The latter is an evocative folk/soul anthem written as a tribute to not only Abraham (Lincoln), Martin (Luther King) and John (F. Kennedy) but also John’s brother Bobby. Phil Gernhard was an ex-law student and producer who had worked on Maurice Williams & The Zodiacs’ Stay and The Royal Guardsmen’s Snoopy vs The Red Baron and when he signed Dick Holler to his label he was impressed with the first song that Holler had showed him.

Holler wrote the song the day after the assassination of Senator Robert F. Kennedy in Los Angeles on 6th June 1968 expressing his sadness of the tragedy and equating it to the tragedy of the other three figure heads.  It’s the last verse that relates to Robert although he remains uncredited in the title. Interestingly, despite the order of names in the title the verses are in the order of Abraham, John and Martin. Dick played the song to Gernhard who turned round and said to him, “That is very moving and what you’ve written there is the history of the civil rights movement.” Holler relied, “Well, no. The man in the White House at that moment, Lyndon B. Johnson, accomplished more for the civil rights of American blacks than any elected official of the 20th century. But no one in 1968 was going to buy a song called Abraham, Martin & Lyndon. Furthermore, the roots of the civil rights movement can be found as much in citizen activism as in top-down decisions.”

Gernhard decided nonetheless to record it but then took several months to find the right singer. The Royal Guardsmen did a demo but Gernhard wasn’t happy with it as he wanted someone more laid back. Gernhard received a phone call from an old friend Gene Schwartz who had been and A&R man for Laurie records between 1958 and 1962 and had Dion (& The Belmonts) signed to his label. He said that Dion was making a comeback and asked if he had anything for him.

Dion and Phil Gernhard got together in 1968 at Dion’s Florida home where he auditioned a few folkish-type numbers by Leonard Cohen and Nilsson. When Gernhard heard him sing he thought, “Oh my God, this guy’s voice is perfect for Holler’s song because he won’t telegraph it!”

Gernhard brought out Holler’s sheet music and asked the singer to work on the song and see what he thought. Dion’s response after seeing it was; “I hate this song, I don’t want to cut it, I don’t like it.” Gernhard refused to take no for an answer and worked hard on the reluctant artist. Even Dion’s wife endorsed the song and eventually he relented and in the summer of 1968 flew to New York to record the number even though he still didn’t like it. On the day of the session, Gernhard was in the producer’s chair working alongside arranger John Abbott. Dion walked into the studio, sang the song once, beautifully, and departed.

When released in the USA it reached number four. It was no only popular, but really made people sit up and take notice. High school teachers played it in classrooms and got teary-eyed, and were amazed at how quiet and thoughtful their students suddenly became. Later in ’68 Dion sang it on The Smothers Brothers Comedy Hour with Gernhard in the audience. After the show, “Dion seemed upset,” recalled Gernhard in a 2000 interview “But he wouldn’t say what was wrong. We went out and grabbed some dinner and headed back to the hotel. Eventually he spoke up and although Dion will never, ever acknowledge this publicly, he suddenly turned to me and he said, ‘I didn’t know it was about those guys.'”

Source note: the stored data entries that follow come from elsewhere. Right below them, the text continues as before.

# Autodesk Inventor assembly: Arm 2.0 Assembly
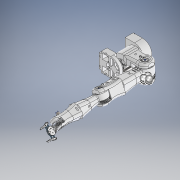
[picture p0: Inventor's stored thumbnail of the model, 180x180]
Saved by Autodesk Inventor 2017 SP1 (Build 210196100, 196)
## iProperties
Created: 2017-09-28
Part Number: Arm 2.0 Assembly
Document SubType Name: Assembly
Designer: Zach
Author: Zach
## Documents named in this file (49)
- C:\Users\Zach\Documents\GitHub\tr1\src\Body\Arm 2.0 Assembly\Arm 2.0 Assembly.iam
- C:\Users\Zach\Documents\GitHub\tr1\src\Body\Arm 2.0 Assembly\Steel Rod 8mm x 135mm.ipt
- C:\Users\Zach\Documents\GitHub\tr1\lib\22x8x8mm Bearing.ipt
- C:\Users\Zach\Documents\GitHub\tr1\src\Body\Arm 2.0 Assembly\AA004.ipt
- C:\Users\Zach\Documents\GitHub\tr1\lib\QS12MM250\QS12MM250.ipt
- C:\Users\Zach\Documents\GitHub\tr1\src\Body\Arm 2.0 Assembly\Steel Rod 8mm x 100mm.ipt
- C:\Users\Zach\Documents\GitHub\tr1\src\Body\Arm 2.0 Assembly\AA013.ipt
- C:\Users\Zach\Documents\GitHub\tr1\src\Body\Arm 2.0 Assembly\AA014.ipt
- C:\Users\Zach\Documents\GitHub\tr1\lib\12V DC Motor 378-1.ipt
- C:\Users\Zach\Documents\Inventor\Content Center Files\R2017\en-US\ISO 4017(1)\ISO 4017 - M5 x 20 - ISO.ipt
- C:\Users\Zach\Documents\GitHub\tr1\src\Body\Arm 2.0 Assembly\Steel Rod 8mm x 80mm.ipt
- C:\Users\Zach\Documents\GitHub\BCN3D-Moveo\Autodesk Inventor files\Gripper B Assembly.iam
- C:\Users\Zach\Documents\Inventor\Content Center Files\R2017\en-US\CNS 4320\CNS 4320 - M8 x 1 x 100.ipt
- C:\Users\Zach\Documents\GitHub\tr1\lib\AS 1110 - M8 x 150.ipt
- C:\Users\Zach\Documents\GitHub\tr1\lib\8mm Hub.ipt
- C:\Users\Zach\Documents\GitHub\tr1\src\Body\Arm 2.0 Assembly\Arm 2.0 Assembly\Design Accelerator\Spur Gears5.iam
- C:\Users\Zach\Documents\GitHub\tr1\lib\4mm mounting hub.ipt
- C:\Users\Zach\Documents\GitHub\tr1\lib\6201RS\6201RS.ipt
- C:\Users\Zach\Documents\GitHub\tr1\lib\U51105\U51105.ipt
- C:\Users\Zach\Documents\GitHub\tr1\src\Body\Arm 2.0 Assembly\AA031.ipt
- C:\Users\Zach\Documents\GitHub\tr1\src\Body\Arm 2.0 Assembly\AA034.ipt
- C:\Users\Zach\Documents\GitHub\tr1\src\Body\Arm 2.0 Assembly\Arm 2.0 Assembly\Design Accelerator\Spur Gears6.iam
- C:\Users\Zach\Documents\GitHub\tr1\src\Body\Arm 2.0 Assembly\AA008c.ipt
- C:\Users\Zach\Documents\GitHub\tr1\src\Body\Arm 2.0 Assembly\AA008d.ipt
- C:\Users\Zach\Documents\GitHub\tr1\src\Body\Arm 2.0 Assembly\AA035.ipt
- C:\Users\Zach\Documents\GitHub\tr1\src\Body\Arm 2.0 Assembly\Arm 2.0 Assembly\Design Accelerator\Spur Gears7.iam
- C:\Users\Zach\Documents\GitHub\tr1\src\Body\Arm 2.0 Assembly\AA036.ipt
- C:\Users\Zach\Documents\GitHub\tr1\src\Body\Arm 2.0 Assembly\AA037.ipt
- C:\Users\Zach\Documents\GitHub\tr1\src\Body\Arm 2.0 Assembly\AA016b.ipt
- C:\Users\Zach\Documents\GitHub\tr1\src\Body\Arm 2.0 Assembly\AA005b.ipt
- C:\Users\Zach\Documents\GitHub\tr1\src\Body\Arm 2.0 Assembly\AA006b.ipt
- C:\Users\Zach\Documents\GitHub\tr1\src\Body\Arm 2.0 Assembly\AA001c.ipt
- C:\Users\Zach\Documents\GitHub\tr1\lib\uxcell 12V 5RPM 8mm Worm Gear Motor\uxcell 12V 5RPM 8mm Worm Gear Motor.ipt
- C:\Users\Zach\Documents\GitHub\tr1\lib\Bourns ACE 128\Bourns ACE 128.ipt
- C:\Users\Zach\Documents\GitHub\tr1\src\Body\Arm 2.0 Assembly\Arm 2.0 Assembly\Design Accelerator\Spur Gears8.iam
- C:\Users\Zach\Documents\GitHub\tr1\src\Body\Arm 2.0 Assembly\Arm 2.0 Assembly\Design Accelerator\Spur Gears11.iam
- C:\Users\Zach\Documents\GitHub\tr1\src\Body\Arm 2.0 Assembly\Arm 2.0 Assembly\Design Accelerator\Spur Gears9.iam
- C:\Users\Zach\Documents\GitHub\tr1\src\Body\Arm 2.0 Assembly\AA010b.ipt
- C:\Users\Zach\Documents\GitHub\tr1\lib\uxcell 12V 6RPM 6mm Worm Gear Motor\uxcell 12V 6RPM 6mm Worm Gear Motor.ipt
- C:\Users\Zach\Documents\GitHub\tr1\src\Body\Arm 2.0 Assembly\Arm 2.0 Assembly\Design Accelerator\Spur Gears10.iam
- C:\Users\Zach\Documents\GitHub\tr1\src\Body\Arm 2.0 Assembly\Arm 2.0 Assembly\Design Accelerator\Spur Gears12.iam
- C:\Users\Zach\Documents\GitHub\tr1\src\Body\Arm 2.0 Assembly\AA041.ipt
- C:\Users\Zach\Documents\GitHub\tr1\src\Body\Arm 2.0 Assembly\AA042.ipt
- C:\Users\Zach\Documents\Inventor\Content Center Files\R2017\en-US\ISO 7045  H\ISO 7045 - M3 x 8 - 4.8 - H - ISO.ipt
- C:\Users\Zach\Documents\GitHub\tr1\src\Body\Arm 2.0 Assembly\AA043.ipt
- C:\Users\Zach\Documents\GitHub\tr1\src\Body\Arm 2.0 Assembly\AA044.ipt
- C:\Users\Zach\Documents\GitHub\tr1\src\Body\Arm 2.0 Assembly\AA045.ipt
- C:\Users\Zach\Documents\GitHub\tr1\src\Body\Arm 2.0 Assembly\Arm 2.0 Assembly\Design Accelerator\Spur Gears13.iam
- C:\Users\Zach\Documents\GitHub\tr1\src\Body\Arm 2.0 Assembly\Arm 2.0 Assembly\Design Accelerator\Spur Gears16.iam
## Components (84 placed, 39 different names)
1. AA001c:1 — Mate:554, Mate:555, Mate:556, Mate:557, Mate:560, Flush:18, Mate:562, Mate:563, Mate:564, Mate:565, Mate:566, Mate:567, Mate:568, Mate:569, Mate:570, Mate:571, Mate:572, Mate:573, Mate:574, Mate:576, Mate:578, Mate:581, Angle:1, Mate:592, Mate:602
2. AA004:1 — Mate:23, Mate:345, Mate:347, Mate:350, Mate:357, Mate:554, Mate:555, Mate:556, Mate:590, Mate:591
3. AA005b:1 — Mate:537, Mate:538, Mate:539, Mate:541, Mate:542, Mate:543
4. AA006b:1 — Mate:544, Mate:583, Mate:584, Angle:2, Mate:588, Mate:593, Mate:594, Mate:598, Mate:599, Mate:600, Mate:609
5. AA008c:1 — Mate:449, Mate:450, Mate:451, Mate:452, Mate:453, Mate:454, Mate:463, Mate:464, Mate:466, Mate:467, Mate:481, Mate:616, Mate:662, Mate:663
6. AA008d:1 — Mate:455, Mate:456, Mate:457, Mate:461, Mate:463, Mate:464, Mate:466, Mate:467, Mate:614, Angle:4, Mate:635, Mate:662, Mate:663, Mate:697, Mate:699
7. AA010b:1 — Mate:615, Mate:616, Mate:617, Mate:618, Mate:620, Mate:621, Mate:623, Mate:624, Mate:625, Mate:626, Mate:628, Mate:630, Mate:632, Mate:633, Mate:634, Mate:636, Mate:637, Angle:6, Mate:642, Flush:20, Mate:648, Mate:650
8. AA013:2 — Mate:142, Mate:143, Mate:144, Mate:145, Mate:146, Mate:147, Mate:563, Mate:564, Mate:565
9. AA014:2 — Mate:628, Mate:629, Mate:630
10. AA016b:1 — Mate:518, Mate:519, Mate:520, Mate:521, Mate:525, Mate:526, Mate:527, Mate:529, Mate:530, Mate:664, Mate:665, Mate:667, Mate:668, Mate:669, Angle:7, Mate:671, Mate:673, Mate:675, Mate:676, Mate:677
11. AA031:1 — Mate:366, Mate:367, Mate:523, Mate:524
12. AA034:1 — Mate:529, Mate:534, Mate:535, Mate:700, Mate:701, Mate:709
13. AA035:1 — Mate:477, Mate:479, Mate:481, Mate:557, Mate:601, Mate:652, Mate:653, Mate:697, Mate:699
14. AA036:1 — Mate:498, Mate:500, Mate:501, Mate:502, Mate:511, Mate:698
15. AA037:1 — Mate:501, Mate:502, Mate:514, Mate:515, Mate:516, Mate:517, Mate:518, Mate:519, Mate:520, Mate:530, Mate:664, Mate:665, Mate:698
16. AA041:1 — Mate:675, Mate:676, Mate:677, Mate:682, Mate:683, Mate:684, Mate:685
17. AA042:1 — Mate:678, Mate:679, Mate:686, Mate:687
18. AA043:1 — Mate:688, Mate:689, Angle:8
19. AA043:2 — Mate:693, Mate:694, Angle:10
20. AA044:1 — Mate:691, Mate:692, Angle:9
21. AA044:2 — Mate:695, Mate:696, Angle:11
22. AA045:2 — Mate:700, Mate:701, Mate:702, Mate:703, Mate:704, Mate:705, Mate:706, Mate:708, Flush:21, Mate:709, Mate:711, Mate:713, Mate:715, Mate:717, Mate:718, Angle:12, Mate:719, Mate:720, Mate:723, Mate:725
23. Gripper B Assembly:1 [sub-assembly]
24. 22x8x8mm Bearing:1 — Mate:433, Mate:560
25. 22x8x8mm Bearing:2 — Mate:437, Mate:562
26. 22x8x8mm Bearing:3 — Mate:57, Mate:620, Mate:626, Mate:645
27. 22x8x8mm Bearing:4 — Mate:621, Mate:629, Mate:642
28. 22x8x8mm Bearing:5 — Mate:186, Mate:708
29. 22x8x8mm Bearing:6 — Mate:187, Mate:719
30. 22x8x8mm Bearing:7 — Mate:264, Mate:526
31. 22x8x8mm Bearing:8 — Mate:527, Mate:528
32. 22x8x8mm Bearing:13 — Mate:451, Mate:452
33. 22x8x8mm Bearing:14 — Mate:449, Mate:450
34. QS12MM250:1 — Mate:23, Mate:344, Mate:346, Mate:348, Mate:354, Mate:537, Mate:544, Mate:585, Mate:593, Mate:594, Mate:597
35. Steel Rod 8mm x 135mm:1 — Mate:433, Mate:437, Mate:476, Mate:477, Flush:18, Mate:575, Mate:651
36. Steel Rod 8mm x 100mm:1 — Mate:57, Mate:491, Mate:498, Flush:20, Mate:644, Mate:649
37. Steel Rod 8mm x 80mm:1 — Mate:186, Mate:187, Mate:706, Flush:21, Mate:710, Mate:721, Mate:724
38. 12V DC Motor 378-1:3 — Mate:702, Mate:703, Mate:704, Mate:705, Mate:712, Mate:714
39. 12V DC Motor 378-1:4 — Mate:514, Mate:515, Mate:516, Mate:522
40. 12V DC Motor 378-1:6 — Mate:340, Mate:342, Mate:538, Mate:539, Mate:540, Mate:543
41. 12V DC Motor 378-1:7 — Mate:455, Mate:456, Mate:457, Mate:460, Mate:610
42. uxcell 12V 6RPM 6mm Worm Gear Motor:1 — Mate:632, Mate:633, Mate:634
43. uxcell 12V 5RPM 8mm Worm Gear Motor:1 — Mate:568, Mate:569, Mate:570, Mate:571, Mate:572
44. 6201RS:1 — Mate:346, Mate:347
45. 6201RS:2 — Mate:357, Mate:597
46. U51105:1 — Mate:348, Mate:349, Mate:542
47. U51105:2 — Mate:354, Mate:608, Mate:609
48. 8mm Hub:2 — Mate:368, Mate:531, Mate:534, Mate:535
49. 8mm Hub:3 — Mate:617, Mate:618, Mate:690
50. 8mm Hub:4 — Mate:580, Mate:581, Mate:582
51. 8mm Hub:5 — Mate:644, Mate:645, Mate:646
52. 8mm Hub:6 — Mate:651, Mate:652, Mate:653
53. 8mm Hub:7 — Mate:666, Mate:667, Mate:674
54. 8mm Hub:8 — Mate:720, Mate:721
55. 4mm mounting hub:1 — Mate:340, Mate:343, Mate:540, Mate:541
56. 4mm mounting hub:3 — Mate:366, Mate:367, Mate:517, Mate:522, Mate:523, Mate:524
57. 4mm mounting hub:5 — Mate:513, Mate:622, Mate:623
58. 4mm mounting hub:7 — Mate:460, Mate:461, Mate:611, Mate:613
59. 4mm mounting hub:8 — Mate:714, Mate:715, Mate:716
60. ISO 4017 M5 x 20:1 — Mate:146, Mate:147
61. ISO 4017 M5 x 20:2 — Mate:144, Mate:145
62. ISO 4017 M5 x 20:3 — Mate:142, Mate:143
63. CNS 4320 M8 x 100:1 — Mate:264, Mate:368, Mate:521, Mate:525, Mate:528, Mate:531, Mate:666, Mate:670
64. AS 1110 - Metric M8 x 80:2 — Mate:453, Mate:454, Angle:5, Mate:615, Mate:690
65. ISO 7045 H M3 x 8 - 4.8 - H:1 — Mate:680, Mate:681
66. ISO 7045 H M3 x 8 - 4.8 - H:2 — Mate:682, Mate:685
67. ISO 7045 H M3 x 8 - 4.8 - H:3 — Mate:683, Mate:684
68. ISO 7045 H M3 x 8 - 4.8 - H:4 — Mate:686, Mate:687
69. Bourns ACE 128:1 — Mate:573, Mate:574, Mate:577, Angle:1, Mate:693, Mate:694
70. Bourns ACE 128:2 — Mate:583, Mate:584, Angle:2, Mate:587, Mate:695, Mate:696
71. Bourns ACE 128:3 — Mate:612, Mate:614, Angle:4, Mate:635, Mate:691, Mate:692
72. Bourns ACE 128:4 — Mate:636, Mate:637, Angle:6, Mate:647, Mate:688, Mate:689
73. Bourns ACE 128:5 — Mate:668, Mate:669, Angle:7, Mate:672, Mate:678, Mate:679
74. Bourns ACE 128:6 — Mate:717, Mate:718, Angle:12, Mate:722
75. Spur Gears:5 [sub-assembly] — Mate:342, Mate:343, Mate:344, Mate:345, Mate:349, Mate:350
76. Spur Gears:6 [sub-assembly] — Mate:476, Mate:479, Mate:566, Mate:567, Mate:601, Mate:602
77. Spur Gears:7 [sub-assembly] — Mate:491, Mate:500, Mate:511, Mate:513, Mate:622, Mate:624, Mate:625
78. Spur Gears:8 [sub-assembly] — Mate:575, Mate:576, Mate:577, Mate:578, Mate:580, Mate:582, Angle:10
79. Spur Gears:9 [sub-assembly] — Mate:585, Mate:587, Mate:588, Mate:590, Mate:591, Mate:592, Mate:608, Angle:11
80. Spur Gears:10 [sub-assembly] — Mate:610, Mate:611, Mate:612, Mate:613, Angle:5, Angle:9
81. Spur Gears:11 [sub-assembly] — Mate:646, Mate:647, Mate:648, Mate:649, Mate:650, Angle:8
82. Spur Gears:12 [sub-assembly] — Mate:670, Mate:671, Mate:672, Mate:673, Mate:674, Mate:680, Mate:681
83. Spur Gears:13 [sub-assembly] — Mate:710, Mate:711, Mate:712, Mate:713, Mate:716
84. Spur Gears:14 [sub-assembly] — Mate:722, Mate:723, Mate:724, Mate:725
## Relationships (238: Mate 224, Angle 11, Flush 3)
- Mate:23: AA004:1 ↔ QS12MM250:1
- Mate:57: 22x8x8mm Bearing:3 ↔ Steel Rod 8mm x 100mm:1
- Mate:142: AA013:2 ↔ ISO 4017 M5 x 20:3
- Mate:143: AA013:2 ↔ ISO 4017 M5 x 20:3
- Mate:144: AA013:2 ↔ ISO 4017 M5 x 20:2
- Mate:145: AA013:2 ↔ ISO 4017 M5 x 20:2
- Mate:146: AA013:2 ↔ ISO 4017 M5 x 20:1
- Mate:147: AA013:2 ↔ ISO 4017 M5 x 20:1
- Mate:186: 22x8x8mm Bearing:5 ↔ Steel Rod 8mm x 80mm:1
- Mate:187: 22x8x8mm Bearing:6 ↔ Steel Rod 8mm x 80mm:1
- Mate:264: 22x8x8mm Bearing:7 ↔ CNS 4320 M8 x 100:1
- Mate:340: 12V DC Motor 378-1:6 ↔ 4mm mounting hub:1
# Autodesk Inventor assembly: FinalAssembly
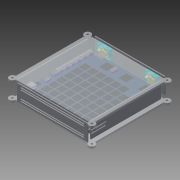
[picture p0: Inventor's stored thumbnail of the model, 180x180]
Saved by Autodesk Inventor 2015 (Build 190159000, 159)
## iProperties
Created: 2014-08-06
Part Number: FinalAssembly
Document SubType Name: Assembly
Designer: Patrick Camilleri
Author: Patrick Camilleri
## Documents named in this file (6)
- C:\Users\Patrick Camilleri\CAD\Test Box\FinalAssembly.iam
- C:\Users\Patrick Camilleri\CAD\Test Box\BasePlate.ipt
- C:\Users\Patrick Camilleri\CAD\Test Box\SidePanelFans.iam
- C:\Users\Patrick Camilleri\CAD\Test Box\Panel2.ipt
- C:\Users\Patrick Camilleri\CAD\Test Box\PanelFront.ipt
- C:\Users\Patrick Camilleri\CAD\Spin5 Board\Spin5 Inventor Simple 2\Imported Components\spin5v1_simple_2\spin5v1_simple_2.iam
## Components (7 placed, 5 different names)
1. Plate:1 — Flush:1
2. Plate:2
3. SidePanelFans:1 [sub-assembly]
4. Panel2:1
5. Panel2:2
6. PanelFront:1
7. spin5v1_simple_2:1 [sub-assembly]
## Relationships (1: Flush 1)
- Flush:1 (50 mm): Plate:1
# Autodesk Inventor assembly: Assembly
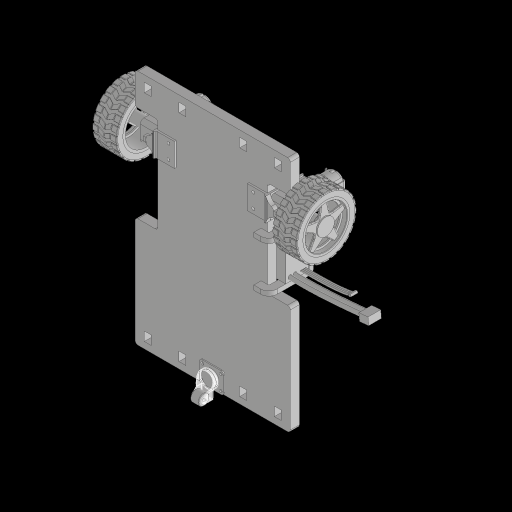
[picture p0: Inventor's stored thumbnail of the model, 512x512]
Saved by Autodesk Inventor 2024.3 (Build 283343010, 343A)
## iProperties
Created: 2025-04-09
Part Number: Assembly
Document SubType Name: Assembly
Designer: Oleg Kelner
Author: Oleg Kelner
## Documents named in this file (11)
- D:\Study\Prototyping\Prototyping-SS25-Team-C4\3DModels\Assembly.iam
- D:\Study\Prototyping\Prototyping-SS25-Team-C4\3DModels\Basic components\chassis.ipt
- D:\Study\Prototyping\Prototyping-SS25-Team-C4\3DModels\Basic components\motor-with-tire.ipt
- D:\Study\Prototyping\Prototyping-SS25-Team-C4\3DModels\Basic components\front-wheel.ipt
- D:\Study\Prototyping\Prototyping-SS25-Team-C4\3DModels\Basic components\motor-with-tire_MIR.ipt
- D:\Study\Prototyping\Prototyping-SS25-Team-C4\3DModels\Basic components\lipo-battery.ipt
- D:\Study\Prototyping\Prototyping-SS25-Team-C4\3DModels\Basic components\arduino.ipt
- D:\Study\Prototyping\Prototyping-SS25-Team-C4\3DModels\Basic components\breadboard.ipt
- D:\Study\Prototyping\Prototyping-SS25-Team-C4\3DModels\Basic components\motorcontroler.ipt
- D:\Study\Prototyping\Prototyping-SS25-Team-C4\3DModels\Oleg's details\vertMotorHolder.ipt
- D:\Study\Prototyping\Prototyping-SS25-Team-C4\3DModels\Oleg's details\batteryHolder.ipt
## Components (11 placed, 10 different names)
1. chassis:1 — Rigid:1, Rigid:2, Rigid:3, Slider:1
2. motor-with-tire:1 — Rotational:1, Rotational:2
3. front-wheel:1 — Rigid:1
4. motor-with-tire_MIR:1 — Rotational:3, Rotational:4
5. lipo-battery:1 — Slider:1, Slider:2
6. arduino:1
7. breadboard:1
8. motorcontroler:1
9. vertMotorHolder:1 — Rotational:1, Rotational:2, Rigid:3
10. vertMotorHolder:2 — Rotational:3, Rotational:4, Rigid:2
11. batteryHolder:1 — Slider:2
## Relationships (9: RevoluteJoint 4, WeldJoint 3, TranslationJoint 2)
- Rigid:1 [WeldJoint]: chassis:1 ↔ front-wheel:1
- Rotational:1 [RevoluteJoint]: motor-with-tire:1 ↔ vertMotorHolder:1
- Rotational:2 [RevoluteJoint]: motor-with-tire:1 ↔ vertMotorHolder:1
- Rotational:3 [RevoluteJoint]: motor-with-tire_MIR:1 ↔ vertMotorHolder:2
- Rotational:4 [RevoluteJoint]: motor-with-tire_MIR:1 ↔ vertMotorHolder:2
- Rigid:2 [WeldJoint] (-30 mm): chassis:1 ↔ vertMotorHolder:2
- Rigid:3 [WeldJoint] (30 mm): chassis:1 ↔ vertMotorHolder:1
- Slider:1 [TranslationJoint]: chassis:1 ↔ lipo-battery:1
- Slider:2 [TranslationJoint] (0.5 mm): lipo-battery:1 ↔ batteryHolder:1
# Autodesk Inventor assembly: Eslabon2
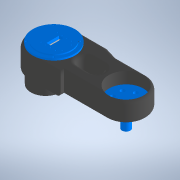
[picture p0: Inventor's stored thumbnail of the model, 180x180]
Saved by Autodesk Inventor 2021 (Build 250183000, 183)
## iProperties
Created: 2022-04-22
Part Number: Eslabon2
Document SubType Name: Assembly
Designer: Alcatraz
Author: Alcatraz
## Documents named in this file (7)
- F:\Tesis\TESIS\Matlab\Pruebas\Prueba3_Simulacion2\Eslabon2.iam
- F:\Tesis\TESIS\Eslabon_intermedio5_Parametrizado.ipt
- F:\Tesis\TESIS\Brida_5_parametrizado.ipt
- F:\Tesis\TESIS\Eje_3_parametrizado.ipt
- F:\Tesis\TESIS\rodamiento_dummie.ipt
- F:\Tesis\TESIS\AX-12A,18A,12W,MX-12W(stp)\AX-12A.iam
- F:\Tesis\TESIS\Tapa_eslabon.ipt
## Components (7 placed, 6 different names)
1. Eslabon_intermedio5_Parametrizado:1 — Coincidencia:4, Coincidencia:5, Coincidencia:6, Coincidencia:12, Coincidencia:13, Coincidencia:14, Coincidencia:15
2. Brida_5_parametrizado:1 — Coincidencia:9, Coincidencia:10, Coincidencia:11, Coincidencia:16
3. Eje_3_parametrizado:1 — Coincidencia:12, Coincidencia:13, Coincidencia:14
4. rodamiento_dummie:1 — Coincidencia:7, Coincidencia:8, Coincidencia:15, Coincidencia:16
5. rodamiento_dummie:2 — Coincidencia:7, Coincidencia:8
6. AX-12A:1 [sub-assembly] — Coincidencia:1, Coincidencia:2, Coincidencia:3, Coincidencia:9, Coincidencia:10, Coincidencia:11
7. Tapa_eslabon:1 — Coincidencia:1, Coincidencia:2, Coincidencia:3, Coincidencia:4, Coincidencia:5, Coincidencia:6
## Relationships (16: Mate 16)
- Coincidencia:1 [Mate]: AX-12A:1 ↔ Tapa_eslabon:1
- Coincidencia:2 [Mate]: AX-12A:1 ↔ Tapa_eslabon:1
- Coincidencia:3 [Mate]: AX-12A:1 ↔ Tapa_eslabon:1
- Coincidencia:4 [Mate]: Eslabon_intermedio5_Parametrizado:1 ↔ Tapa_eslabon:1
- Coincidencia:5 [Mate]: Eslabon_intermedio5_Parametrizado:1 ↔ Tapa_eslabon:1
- Coincidencia:6 [Mate]: Eslabon_intermedio5_Parametrizado:1 ↔ Tapa_eslabon:1
- Coincidencia:7 [Mate]: rodamiento_dummie:1 ↔ rodamiento_dummie:2
- Coincidencia:8 [Mate]: rodamiento_dummie:1 ↔ rodamiento_dummie:2
- Coincidencia:9 [Mate]: Brida_5_parametrizado:1 ↔ AX-12A:1
- Coincidencia:10 [Mate]: Brida_5_parametrizado:1 ↔ AX-12A:1
- Coincidencia:11 [Mate]: Brida_5_parametrizado:1 ↔ AX-12A:1
- Coincidencia:12 [Mate]: Eslabon_intermedio5_Parametrizado:1 ↔ Eje_3_parametrizado:1
- Coincidencia:13 [Mate]: Eslabon_intermedio5_Parametrizado:1 ↔ Eje_3_parametrizado:1
- Coincidencia:14 [Mate]: Eslabon_intermedio5_Parametrizado:1 ↔ Eje_3_parametrizado:1
- Coincidencia:15 [Mate]: Eslabon_intermedio5_Parametrizado:1 ↔ rodamiento_dummie:1
- Coincidencia:16 [Mate]: Brida_5_parametrizado:1 ↔ rodamiento_dummie:1

Dion wrote in his 1988 memoir, The Wanderer, “If it had been up to me, Abraham, Martin and John would have stayed just a young songwriter’s dream. I was recovering from a long addiction to drugs and working to get my career back on track and just didn’t see the message of the song until my mother-in-law pointed it out to me. “I realised that what these four guys – Lincoln, King and the Kennedys — had in common was a dream. It was like they had the courage to believe that a state of love really can exist…’Abraham, Martin and John’ was a way of reminding people that they could aspire to great things, even in the midst of tragedy and confusion.”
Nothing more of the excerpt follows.